Collected data entries
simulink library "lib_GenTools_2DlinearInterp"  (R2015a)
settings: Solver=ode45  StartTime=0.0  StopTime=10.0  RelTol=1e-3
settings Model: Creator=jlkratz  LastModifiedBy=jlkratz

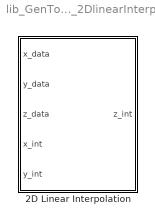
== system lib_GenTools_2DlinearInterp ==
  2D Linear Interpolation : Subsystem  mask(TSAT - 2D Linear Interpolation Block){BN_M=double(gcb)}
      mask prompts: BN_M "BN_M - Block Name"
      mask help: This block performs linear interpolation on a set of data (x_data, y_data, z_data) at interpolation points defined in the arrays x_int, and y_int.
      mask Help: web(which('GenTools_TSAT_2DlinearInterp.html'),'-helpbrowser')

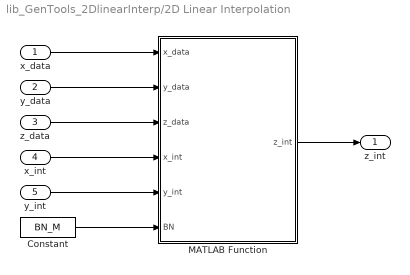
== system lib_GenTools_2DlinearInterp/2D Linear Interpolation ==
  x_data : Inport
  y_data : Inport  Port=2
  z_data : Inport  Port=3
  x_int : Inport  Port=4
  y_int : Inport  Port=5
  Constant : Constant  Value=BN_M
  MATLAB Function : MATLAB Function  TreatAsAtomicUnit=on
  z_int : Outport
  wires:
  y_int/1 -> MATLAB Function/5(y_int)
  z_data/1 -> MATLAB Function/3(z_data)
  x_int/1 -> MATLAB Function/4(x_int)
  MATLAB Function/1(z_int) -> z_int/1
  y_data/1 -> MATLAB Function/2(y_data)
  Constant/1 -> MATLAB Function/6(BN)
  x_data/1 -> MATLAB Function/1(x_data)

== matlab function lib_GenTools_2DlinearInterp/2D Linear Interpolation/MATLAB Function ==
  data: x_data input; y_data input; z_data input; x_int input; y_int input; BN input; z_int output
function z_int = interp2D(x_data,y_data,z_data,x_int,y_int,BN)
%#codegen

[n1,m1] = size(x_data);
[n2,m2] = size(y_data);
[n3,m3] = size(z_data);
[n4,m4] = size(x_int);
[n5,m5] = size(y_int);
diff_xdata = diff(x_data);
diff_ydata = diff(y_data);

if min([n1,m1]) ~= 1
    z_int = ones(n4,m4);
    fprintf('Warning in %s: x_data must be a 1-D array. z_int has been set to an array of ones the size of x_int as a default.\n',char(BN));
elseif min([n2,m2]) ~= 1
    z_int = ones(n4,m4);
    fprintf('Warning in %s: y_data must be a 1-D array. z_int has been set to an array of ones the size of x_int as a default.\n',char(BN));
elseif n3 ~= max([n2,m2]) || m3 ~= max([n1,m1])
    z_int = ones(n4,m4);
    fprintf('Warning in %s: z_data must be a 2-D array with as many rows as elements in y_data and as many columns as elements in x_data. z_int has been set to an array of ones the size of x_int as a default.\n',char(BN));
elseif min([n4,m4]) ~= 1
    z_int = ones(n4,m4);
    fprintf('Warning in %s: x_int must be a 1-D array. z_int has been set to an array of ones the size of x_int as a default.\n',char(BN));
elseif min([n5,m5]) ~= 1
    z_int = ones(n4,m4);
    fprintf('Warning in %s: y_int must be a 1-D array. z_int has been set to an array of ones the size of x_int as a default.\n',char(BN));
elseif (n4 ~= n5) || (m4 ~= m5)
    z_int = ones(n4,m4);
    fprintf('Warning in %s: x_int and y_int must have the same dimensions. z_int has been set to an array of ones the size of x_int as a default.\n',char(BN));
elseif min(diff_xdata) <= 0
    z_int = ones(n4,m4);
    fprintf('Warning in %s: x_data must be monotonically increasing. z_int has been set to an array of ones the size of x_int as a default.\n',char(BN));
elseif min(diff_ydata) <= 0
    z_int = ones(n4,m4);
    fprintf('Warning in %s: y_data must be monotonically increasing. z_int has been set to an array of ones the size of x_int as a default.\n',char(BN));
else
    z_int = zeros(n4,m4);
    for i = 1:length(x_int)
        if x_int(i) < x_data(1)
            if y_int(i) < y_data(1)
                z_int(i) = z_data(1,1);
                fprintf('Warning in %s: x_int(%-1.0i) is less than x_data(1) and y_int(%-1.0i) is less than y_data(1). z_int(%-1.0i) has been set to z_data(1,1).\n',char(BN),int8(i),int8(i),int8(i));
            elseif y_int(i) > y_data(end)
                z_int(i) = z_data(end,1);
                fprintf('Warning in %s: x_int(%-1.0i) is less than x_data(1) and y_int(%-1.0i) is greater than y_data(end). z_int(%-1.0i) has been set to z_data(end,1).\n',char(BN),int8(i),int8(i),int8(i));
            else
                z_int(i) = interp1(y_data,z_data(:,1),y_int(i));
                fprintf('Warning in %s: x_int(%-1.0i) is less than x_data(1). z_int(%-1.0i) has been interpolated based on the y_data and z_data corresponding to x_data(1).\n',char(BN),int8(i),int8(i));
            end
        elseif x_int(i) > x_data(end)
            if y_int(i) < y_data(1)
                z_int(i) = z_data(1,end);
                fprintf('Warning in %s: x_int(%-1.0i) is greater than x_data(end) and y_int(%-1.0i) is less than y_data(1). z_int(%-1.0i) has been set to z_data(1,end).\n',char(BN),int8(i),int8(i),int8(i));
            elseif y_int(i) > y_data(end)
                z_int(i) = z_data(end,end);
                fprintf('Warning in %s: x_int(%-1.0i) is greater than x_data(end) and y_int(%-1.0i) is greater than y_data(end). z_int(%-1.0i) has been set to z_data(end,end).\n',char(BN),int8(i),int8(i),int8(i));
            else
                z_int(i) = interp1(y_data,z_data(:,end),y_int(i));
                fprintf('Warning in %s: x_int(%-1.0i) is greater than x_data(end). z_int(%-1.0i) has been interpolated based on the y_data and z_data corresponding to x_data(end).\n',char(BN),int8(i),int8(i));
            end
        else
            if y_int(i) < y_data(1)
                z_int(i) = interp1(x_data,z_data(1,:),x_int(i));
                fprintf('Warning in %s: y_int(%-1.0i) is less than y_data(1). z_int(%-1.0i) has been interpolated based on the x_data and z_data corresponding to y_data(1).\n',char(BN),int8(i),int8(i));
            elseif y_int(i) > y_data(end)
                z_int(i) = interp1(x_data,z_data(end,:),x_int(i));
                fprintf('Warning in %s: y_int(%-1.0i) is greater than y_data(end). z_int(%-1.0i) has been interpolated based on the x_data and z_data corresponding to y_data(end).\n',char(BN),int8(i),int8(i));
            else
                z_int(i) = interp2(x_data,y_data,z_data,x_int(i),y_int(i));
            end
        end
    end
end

▶ **TASK INSTRUCTIONS**
Exact copies of the lines from the one holding "z_int(i) = interp1(x_data,z_data(end,:),x_int(i));" to the end of the entries are all that should be written.

▶ **ANSWER AREA**
                z_int(i) = interp1(x_data,z_data(end,:),x_int(i));
                fprintf('Warning in %s: y_int(%-1.0i) is greater than y_data(end). z_int(%-1.0i) has been interpolated based on the x_data and z_data corresponding to y_data(end).\n',char(BN),int8(i),int8(i));
            else
                z_int(i) = interp2(x_data,y_data,z_data,x_int(i),y_int(i));
            end
        end
    end
end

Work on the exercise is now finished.